Data items =>
Start of Block

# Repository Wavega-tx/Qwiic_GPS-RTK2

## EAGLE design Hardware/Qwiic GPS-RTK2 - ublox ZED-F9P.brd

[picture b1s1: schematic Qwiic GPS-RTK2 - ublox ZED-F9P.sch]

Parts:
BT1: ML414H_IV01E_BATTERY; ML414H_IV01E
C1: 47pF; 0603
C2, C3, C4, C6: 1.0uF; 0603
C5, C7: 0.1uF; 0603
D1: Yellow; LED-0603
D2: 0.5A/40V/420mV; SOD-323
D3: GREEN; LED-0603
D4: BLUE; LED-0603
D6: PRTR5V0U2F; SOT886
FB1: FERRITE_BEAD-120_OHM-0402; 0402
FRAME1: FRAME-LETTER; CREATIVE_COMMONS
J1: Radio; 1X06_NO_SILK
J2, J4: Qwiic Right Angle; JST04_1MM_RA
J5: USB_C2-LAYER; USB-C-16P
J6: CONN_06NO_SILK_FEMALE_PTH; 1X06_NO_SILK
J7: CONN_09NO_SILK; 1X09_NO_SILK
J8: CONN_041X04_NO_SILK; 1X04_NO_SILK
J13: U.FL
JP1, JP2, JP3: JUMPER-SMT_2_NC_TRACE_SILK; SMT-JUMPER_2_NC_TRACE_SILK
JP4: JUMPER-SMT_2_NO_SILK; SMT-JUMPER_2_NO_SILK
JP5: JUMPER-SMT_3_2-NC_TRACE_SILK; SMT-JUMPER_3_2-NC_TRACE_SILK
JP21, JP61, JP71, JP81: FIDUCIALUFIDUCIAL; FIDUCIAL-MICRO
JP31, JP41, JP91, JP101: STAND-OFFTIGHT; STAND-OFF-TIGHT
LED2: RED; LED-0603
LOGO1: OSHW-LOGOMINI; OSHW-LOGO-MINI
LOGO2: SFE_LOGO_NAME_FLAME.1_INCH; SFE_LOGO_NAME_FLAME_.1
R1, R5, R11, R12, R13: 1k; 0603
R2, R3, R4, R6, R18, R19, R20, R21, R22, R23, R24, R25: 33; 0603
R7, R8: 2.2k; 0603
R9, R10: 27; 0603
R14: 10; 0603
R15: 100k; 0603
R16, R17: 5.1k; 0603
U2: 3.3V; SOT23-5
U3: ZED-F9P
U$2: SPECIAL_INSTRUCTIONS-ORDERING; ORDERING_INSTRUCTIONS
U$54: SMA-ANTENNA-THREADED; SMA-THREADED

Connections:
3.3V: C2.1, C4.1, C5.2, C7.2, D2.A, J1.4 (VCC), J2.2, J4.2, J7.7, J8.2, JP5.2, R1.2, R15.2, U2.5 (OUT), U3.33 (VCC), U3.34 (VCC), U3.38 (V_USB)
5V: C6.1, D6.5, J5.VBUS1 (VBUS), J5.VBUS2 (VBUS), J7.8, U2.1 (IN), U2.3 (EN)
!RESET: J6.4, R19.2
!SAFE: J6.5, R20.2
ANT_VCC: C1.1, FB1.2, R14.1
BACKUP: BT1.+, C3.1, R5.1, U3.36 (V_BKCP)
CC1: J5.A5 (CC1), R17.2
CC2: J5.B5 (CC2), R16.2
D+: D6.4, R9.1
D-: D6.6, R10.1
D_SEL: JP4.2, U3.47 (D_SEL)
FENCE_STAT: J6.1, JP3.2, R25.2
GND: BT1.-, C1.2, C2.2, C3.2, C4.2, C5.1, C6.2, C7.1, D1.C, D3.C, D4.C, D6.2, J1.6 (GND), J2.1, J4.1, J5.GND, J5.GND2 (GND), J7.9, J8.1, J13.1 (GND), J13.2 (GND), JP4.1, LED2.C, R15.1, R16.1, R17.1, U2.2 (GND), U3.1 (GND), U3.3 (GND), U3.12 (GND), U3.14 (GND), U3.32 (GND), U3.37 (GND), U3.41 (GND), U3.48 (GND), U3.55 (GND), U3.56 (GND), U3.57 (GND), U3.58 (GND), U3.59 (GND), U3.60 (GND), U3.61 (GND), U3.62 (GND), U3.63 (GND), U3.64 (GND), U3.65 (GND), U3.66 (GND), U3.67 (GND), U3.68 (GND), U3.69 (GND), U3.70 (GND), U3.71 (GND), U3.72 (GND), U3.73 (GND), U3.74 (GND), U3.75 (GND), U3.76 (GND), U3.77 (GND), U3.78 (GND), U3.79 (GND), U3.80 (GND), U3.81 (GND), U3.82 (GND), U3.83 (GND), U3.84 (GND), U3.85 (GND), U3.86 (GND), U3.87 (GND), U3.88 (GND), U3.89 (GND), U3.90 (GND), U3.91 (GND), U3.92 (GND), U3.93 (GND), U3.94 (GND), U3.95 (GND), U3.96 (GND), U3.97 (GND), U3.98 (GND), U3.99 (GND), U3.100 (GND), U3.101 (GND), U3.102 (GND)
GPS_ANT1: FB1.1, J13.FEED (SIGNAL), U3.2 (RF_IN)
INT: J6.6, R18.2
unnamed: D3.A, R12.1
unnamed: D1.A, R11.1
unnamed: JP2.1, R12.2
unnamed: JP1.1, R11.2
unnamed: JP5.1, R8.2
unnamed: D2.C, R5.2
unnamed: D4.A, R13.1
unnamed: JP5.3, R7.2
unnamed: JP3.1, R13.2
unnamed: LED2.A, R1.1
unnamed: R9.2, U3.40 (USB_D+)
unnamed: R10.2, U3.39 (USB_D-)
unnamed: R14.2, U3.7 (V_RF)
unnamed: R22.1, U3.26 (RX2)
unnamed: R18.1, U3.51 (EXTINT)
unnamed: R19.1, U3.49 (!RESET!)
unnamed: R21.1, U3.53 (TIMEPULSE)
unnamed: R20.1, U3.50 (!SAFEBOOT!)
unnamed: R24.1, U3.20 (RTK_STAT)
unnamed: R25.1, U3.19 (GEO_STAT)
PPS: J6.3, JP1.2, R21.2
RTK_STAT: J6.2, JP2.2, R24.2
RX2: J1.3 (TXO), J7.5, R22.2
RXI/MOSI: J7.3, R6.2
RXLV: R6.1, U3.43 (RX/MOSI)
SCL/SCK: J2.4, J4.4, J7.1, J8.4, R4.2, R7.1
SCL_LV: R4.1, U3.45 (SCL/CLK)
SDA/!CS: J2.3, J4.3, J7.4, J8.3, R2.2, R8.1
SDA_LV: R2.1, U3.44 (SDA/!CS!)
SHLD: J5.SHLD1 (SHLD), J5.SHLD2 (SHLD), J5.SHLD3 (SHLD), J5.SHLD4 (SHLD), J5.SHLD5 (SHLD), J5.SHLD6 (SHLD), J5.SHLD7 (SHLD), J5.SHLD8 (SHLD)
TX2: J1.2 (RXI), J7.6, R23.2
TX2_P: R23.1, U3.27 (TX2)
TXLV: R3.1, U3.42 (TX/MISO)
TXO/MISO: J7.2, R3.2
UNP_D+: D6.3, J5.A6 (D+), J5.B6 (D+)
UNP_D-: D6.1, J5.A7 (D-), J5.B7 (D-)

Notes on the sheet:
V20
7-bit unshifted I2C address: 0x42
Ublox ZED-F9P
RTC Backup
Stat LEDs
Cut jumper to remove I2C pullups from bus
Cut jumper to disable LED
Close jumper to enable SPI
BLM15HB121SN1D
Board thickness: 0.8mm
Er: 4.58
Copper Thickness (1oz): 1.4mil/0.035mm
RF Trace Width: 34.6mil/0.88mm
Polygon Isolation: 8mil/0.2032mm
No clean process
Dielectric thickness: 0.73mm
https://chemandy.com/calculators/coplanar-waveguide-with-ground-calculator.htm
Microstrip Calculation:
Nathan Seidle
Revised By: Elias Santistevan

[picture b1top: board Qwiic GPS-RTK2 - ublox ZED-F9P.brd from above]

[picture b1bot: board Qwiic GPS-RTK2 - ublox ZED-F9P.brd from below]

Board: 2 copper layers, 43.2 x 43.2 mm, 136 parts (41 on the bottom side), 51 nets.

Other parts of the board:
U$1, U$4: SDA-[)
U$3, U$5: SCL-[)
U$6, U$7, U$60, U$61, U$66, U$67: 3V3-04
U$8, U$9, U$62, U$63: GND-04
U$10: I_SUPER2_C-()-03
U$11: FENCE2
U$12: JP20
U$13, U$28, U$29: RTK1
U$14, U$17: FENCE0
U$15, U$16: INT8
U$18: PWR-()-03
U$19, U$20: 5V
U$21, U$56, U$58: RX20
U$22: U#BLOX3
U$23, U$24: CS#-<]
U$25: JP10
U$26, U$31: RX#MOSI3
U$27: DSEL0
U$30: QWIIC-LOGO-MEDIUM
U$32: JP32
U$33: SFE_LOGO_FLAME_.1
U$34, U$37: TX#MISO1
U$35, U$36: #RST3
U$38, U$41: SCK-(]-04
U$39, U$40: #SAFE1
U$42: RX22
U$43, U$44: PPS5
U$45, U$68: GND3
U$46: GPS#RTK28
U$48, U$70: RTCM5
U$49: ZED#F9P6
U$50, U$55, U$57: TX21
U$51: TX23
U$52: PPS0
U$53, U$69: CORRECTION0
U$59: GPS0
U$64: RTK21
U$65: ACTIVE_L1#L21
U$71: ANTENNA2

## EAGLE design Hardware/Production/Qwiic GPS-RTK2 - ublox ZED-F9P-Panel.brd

End of Block

Assignment =>
Each line that contains the string "picture" should be copied from the data above.

Completed task =>
[picture b1s1: schematic Qwiic GPS-RTK2 - ublox ZED-F9P.sch]
[picture b1top: board Qwiic GPS-RTK2 - ublox ZED-F9P.brd from above]
[picture b1bot: board Qwiic GPS-RTK2 - ublox ZED-F9P.brd from below]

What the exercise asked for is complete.